Hi. Quick question on the amortization of goodwill that stopped. Are you as a result of FAS-142 are you going to stop including your trade area rights? Are you going to continue to amortize those?
- Chief Financial Officer, Executive Vice President
The trade area rights will be--are directly affected by FAS-142, Dave. And so they will be put on the balance sheet and reviewed annually for impairment.
Okay, so that's something new for you. So your prior estimates or prior estimates did not include that?
- Chief Financial Officer, Executive Vice President
Well our guidance for the year has always included and I think Paul [Westrough] asked the question about $4 million is the impact. And they are comparisons for '03 since we just adopted it in the first quarter of '03 to '02. That normalization is included in our guidance.
Okay, I was just trying to understand the shift. So it's because you are including trade area rights now?

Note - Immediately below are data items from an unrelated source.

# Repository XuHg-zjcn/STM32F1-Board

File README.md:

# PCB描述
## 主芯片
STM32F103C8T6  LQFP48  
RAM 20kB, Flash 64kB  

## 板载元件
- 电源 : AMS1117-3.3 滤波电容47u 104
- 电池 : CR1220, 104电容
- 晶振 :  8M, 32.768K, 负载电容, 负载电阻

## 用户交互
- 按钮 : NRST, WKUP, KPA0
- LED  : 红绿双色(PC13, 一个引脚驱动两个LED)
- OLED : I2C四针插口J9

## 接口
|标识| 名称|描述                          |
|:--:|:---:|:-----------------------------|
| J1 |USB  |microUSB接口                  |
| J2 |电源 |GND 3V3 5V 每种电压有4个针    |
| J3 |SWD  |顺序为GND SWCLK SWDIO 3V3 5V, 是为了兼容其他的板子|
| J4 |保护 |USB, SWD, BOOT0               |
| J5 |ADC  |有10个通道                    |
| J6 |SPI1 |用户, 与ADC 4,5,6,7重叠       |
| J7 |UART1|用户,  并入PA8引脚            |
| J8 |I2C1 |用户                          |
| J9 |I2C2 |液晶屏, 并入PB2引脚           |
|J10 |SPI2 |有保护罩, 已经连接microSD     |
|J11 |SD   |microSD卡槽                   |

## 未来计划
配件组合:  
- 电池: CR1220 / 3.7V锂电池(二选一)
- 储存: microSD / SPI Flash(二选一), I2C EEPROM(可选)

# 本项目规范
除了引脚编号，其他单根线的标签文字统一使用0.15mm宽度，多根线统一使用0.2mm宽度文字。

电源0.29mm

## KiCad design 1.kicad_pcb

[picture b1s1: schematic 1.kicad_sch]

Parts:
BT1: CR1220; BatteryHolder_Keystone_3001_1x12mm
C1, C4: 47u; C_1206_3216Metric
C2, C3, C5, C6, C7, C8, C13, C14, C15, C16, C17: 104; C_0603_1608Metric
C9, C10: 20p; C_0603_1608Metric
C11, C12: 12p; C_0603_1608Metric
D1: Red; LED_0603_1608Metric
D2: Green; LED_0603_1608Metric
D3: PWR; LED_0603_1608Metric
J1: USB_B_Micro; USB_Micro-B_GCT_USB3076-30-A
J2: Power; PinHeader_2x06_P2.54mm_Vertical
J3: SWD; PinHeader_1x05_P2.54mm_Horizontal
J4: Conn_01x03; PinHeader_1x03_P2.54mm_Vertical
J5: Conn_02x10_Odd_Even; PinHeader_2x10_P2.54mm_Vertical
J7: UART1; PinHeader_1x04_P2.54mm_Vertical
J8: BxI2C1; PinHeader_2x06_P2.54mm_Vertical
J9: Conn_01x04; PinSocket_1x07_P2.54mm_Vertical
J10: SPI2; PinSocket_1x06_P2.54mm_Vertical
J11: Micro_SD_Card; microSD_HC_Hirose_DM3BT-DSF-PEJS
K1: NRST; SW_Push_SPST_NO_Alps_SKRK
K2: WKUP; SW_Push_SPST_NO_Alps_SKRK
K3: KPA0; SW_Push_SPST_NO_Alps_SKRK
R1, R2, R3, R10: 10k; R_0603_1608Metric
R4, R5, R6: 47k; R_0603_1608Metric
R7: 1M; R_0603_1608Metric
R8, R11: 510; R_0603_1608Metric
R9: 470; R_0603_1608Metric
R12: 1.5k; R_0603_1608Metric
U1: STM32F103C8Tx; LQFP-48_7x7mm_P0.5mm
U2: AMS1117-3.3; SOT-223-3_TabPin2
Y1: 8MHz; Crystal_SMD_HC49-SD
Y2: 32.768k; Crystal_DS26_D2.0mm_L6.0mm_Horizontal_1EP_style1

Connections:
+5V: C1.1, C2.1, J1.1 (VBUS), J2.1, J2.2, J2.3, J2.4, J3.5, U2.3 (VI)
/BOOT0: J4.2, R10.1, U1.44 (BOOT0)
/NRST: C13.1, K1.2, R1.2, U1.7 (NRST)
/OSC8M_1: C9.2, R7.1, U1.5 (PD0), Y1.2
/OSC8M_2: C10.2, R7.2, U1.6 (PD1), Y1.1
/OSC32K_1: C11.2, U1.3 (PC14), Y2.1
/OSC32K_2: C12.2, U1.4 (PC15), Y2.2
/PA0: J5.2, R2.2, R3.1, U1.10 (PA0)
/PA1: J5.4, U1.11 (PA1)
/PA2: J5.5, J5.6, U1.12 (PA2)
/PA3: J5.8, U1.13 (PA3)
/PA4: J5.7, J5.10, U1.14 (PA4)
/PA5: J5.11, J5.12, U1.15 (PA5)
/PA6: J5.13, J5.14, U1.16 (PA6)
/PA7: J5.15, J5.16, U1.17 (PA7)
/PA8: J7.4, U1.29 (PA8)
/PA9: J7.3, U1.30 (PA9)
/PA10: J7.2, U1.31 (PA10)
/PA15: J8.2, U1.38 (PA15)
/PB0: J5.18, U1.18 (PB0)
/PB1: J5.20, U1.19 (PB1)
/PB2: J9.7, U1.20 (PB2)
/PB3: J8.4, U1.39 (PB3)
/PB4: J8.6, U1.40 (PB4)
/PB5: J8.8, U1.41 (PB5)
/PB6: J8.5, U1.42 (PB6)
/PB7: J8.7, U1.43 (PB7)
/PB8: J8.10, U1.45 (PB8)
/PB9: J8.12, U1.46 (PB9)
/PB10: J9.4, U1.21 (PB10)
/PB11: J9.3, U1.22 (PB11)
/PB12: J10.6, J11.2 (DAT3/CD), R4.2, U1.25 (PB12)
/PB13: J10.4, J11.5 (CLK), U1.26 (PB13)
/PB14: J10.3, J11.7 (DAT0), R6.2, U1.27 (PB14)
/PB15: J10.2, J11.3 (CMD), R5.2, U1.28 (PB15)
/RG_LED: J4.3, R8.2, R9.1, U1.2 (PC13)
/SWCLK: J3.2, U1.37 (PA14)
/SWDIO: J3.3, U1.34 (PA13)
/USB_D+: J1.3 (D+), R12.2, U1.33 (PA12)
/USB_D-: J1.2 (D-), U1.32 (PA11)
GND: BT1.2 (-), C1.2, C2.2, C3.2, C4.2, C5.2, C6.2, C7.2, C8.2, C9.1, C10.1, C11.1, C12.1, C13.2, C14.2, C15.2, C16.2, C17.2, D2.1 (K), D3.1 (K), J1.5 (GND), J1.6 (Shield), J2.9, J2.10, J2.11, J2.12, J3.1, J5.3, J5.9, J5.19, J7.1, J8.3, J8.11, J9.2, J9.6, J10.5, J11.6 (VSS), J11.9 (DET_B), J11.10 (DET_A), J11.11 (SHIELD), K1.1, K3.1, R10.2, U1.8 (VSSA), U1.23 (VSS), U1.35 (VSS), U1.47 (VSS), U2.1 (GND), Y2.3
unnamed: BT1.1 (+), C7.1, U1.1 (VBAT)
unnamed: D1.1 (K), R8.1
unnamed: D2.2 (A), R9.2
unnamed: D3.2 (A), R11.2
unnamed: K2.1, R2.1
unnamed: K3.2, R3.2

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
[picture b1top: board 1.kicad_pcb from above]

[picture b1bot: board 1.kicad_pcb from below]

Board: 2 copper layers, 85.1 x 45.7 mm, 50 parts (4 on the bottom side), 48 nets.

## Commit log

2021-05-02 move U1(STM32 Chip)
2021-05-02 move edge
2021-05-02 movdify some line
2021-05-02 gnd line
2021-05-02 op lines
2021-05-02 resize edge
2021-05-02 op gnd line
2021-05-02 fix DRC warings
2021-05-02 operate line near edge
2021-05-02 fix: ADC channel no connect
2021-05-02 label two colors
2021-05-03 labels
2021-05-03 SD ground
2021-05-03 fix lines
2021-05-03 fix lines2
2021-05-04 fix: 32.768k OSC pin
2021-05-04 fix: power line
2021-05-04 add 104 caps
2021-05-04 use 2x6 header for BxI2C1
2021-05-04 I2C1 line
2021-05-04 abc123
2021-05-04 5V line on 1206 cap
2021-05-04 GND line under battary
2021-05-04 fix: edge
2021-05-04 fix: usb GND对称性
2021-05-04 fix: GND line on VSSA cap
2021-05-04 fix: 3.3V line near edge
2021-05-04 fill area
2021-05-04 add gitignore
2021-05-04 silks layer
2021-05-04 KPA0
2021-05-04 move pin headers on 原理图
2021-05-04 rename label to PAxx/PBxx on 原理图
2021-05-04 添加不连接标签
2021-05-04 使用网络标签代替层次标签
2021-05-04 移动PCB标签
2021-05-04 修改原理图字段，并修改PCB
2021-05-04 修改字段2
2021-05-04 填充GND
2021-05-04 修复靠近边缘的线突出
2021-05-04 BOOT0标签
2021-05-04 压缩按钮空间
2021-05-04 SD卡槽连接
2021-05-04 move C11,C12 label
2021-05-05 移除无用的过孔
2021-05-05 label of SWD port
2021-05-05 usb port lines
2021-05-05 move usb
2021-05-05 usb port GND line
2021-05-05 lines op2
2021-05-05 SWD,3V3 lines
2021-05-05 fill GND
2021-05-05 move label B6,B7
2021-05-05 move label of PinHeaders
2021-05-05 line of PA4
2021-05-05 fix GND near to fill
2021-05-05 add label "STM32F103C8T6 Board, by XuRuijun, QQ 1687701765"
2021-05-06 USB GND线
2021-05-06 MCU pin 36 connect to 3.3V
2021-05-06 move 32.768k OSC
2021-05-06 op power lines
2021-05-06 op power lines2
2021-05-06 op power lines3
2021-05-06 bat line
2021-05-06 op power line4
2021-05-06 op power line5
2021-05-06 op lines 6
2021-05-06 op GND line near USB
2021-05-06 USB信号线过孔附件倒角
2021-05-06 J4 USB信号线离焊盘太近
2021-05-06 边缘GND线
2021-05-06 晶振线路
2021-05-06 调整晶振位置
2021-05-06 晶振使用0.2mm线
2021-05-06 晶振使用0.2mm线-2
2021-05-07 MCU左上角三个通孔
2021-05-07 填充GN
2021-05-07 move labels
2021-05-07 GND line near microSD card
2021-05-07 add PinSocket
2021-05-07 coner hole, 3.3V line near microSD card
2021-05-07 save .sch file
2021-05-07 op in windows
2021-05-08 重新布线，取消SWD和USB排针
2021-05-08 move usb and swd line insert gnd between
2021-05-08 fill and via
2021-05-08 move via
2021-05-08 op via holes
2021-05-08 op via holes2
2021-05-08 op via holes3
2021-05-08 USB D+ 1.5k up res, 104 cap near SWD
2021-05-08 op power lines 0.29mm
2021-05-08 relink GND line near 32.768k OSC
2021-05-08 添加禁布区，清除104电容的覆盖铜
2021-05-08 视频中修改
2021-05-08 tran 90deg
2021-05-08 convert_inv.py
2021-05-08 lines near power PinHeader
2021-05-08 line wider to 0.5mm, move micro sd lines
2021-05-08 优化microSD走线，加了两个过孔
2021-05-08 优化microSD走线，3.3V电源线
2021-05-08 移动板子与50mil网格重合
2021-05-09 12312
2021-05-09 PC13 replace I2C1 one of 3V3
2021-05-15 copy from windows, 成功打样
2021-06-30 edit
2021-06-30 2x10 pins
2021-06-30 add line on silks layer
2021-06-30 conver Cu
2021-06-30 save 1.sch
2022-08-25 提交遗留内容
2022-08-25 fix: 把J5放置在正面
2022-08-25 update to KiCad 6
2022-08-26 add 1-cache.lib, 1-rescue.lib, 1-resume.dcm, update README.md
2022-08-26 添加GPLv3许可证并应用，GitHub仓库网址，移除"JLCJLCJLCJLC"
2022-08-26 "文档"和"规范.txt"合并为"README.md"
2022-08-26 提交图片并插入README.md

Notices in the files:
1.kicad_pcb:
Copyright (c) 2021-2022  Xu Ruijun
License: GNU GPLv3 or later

- Chief Financial Officer, Executive Vice President
Yeah.
Thank you.
- Chief Financial Officer, Executive Vice President
Yeah, those are directly subject to FAS-142.
Yep, I thought that was the case in the past. Thank you.
- Chief Financial Officer, Executive Vice President
Thank you. Okay everyone. Thank you very much for joining us. We look forward to talking with you in February to discuss our first quarter results. Bye.
Operator
That concludes today's conference. Thank you for your participation.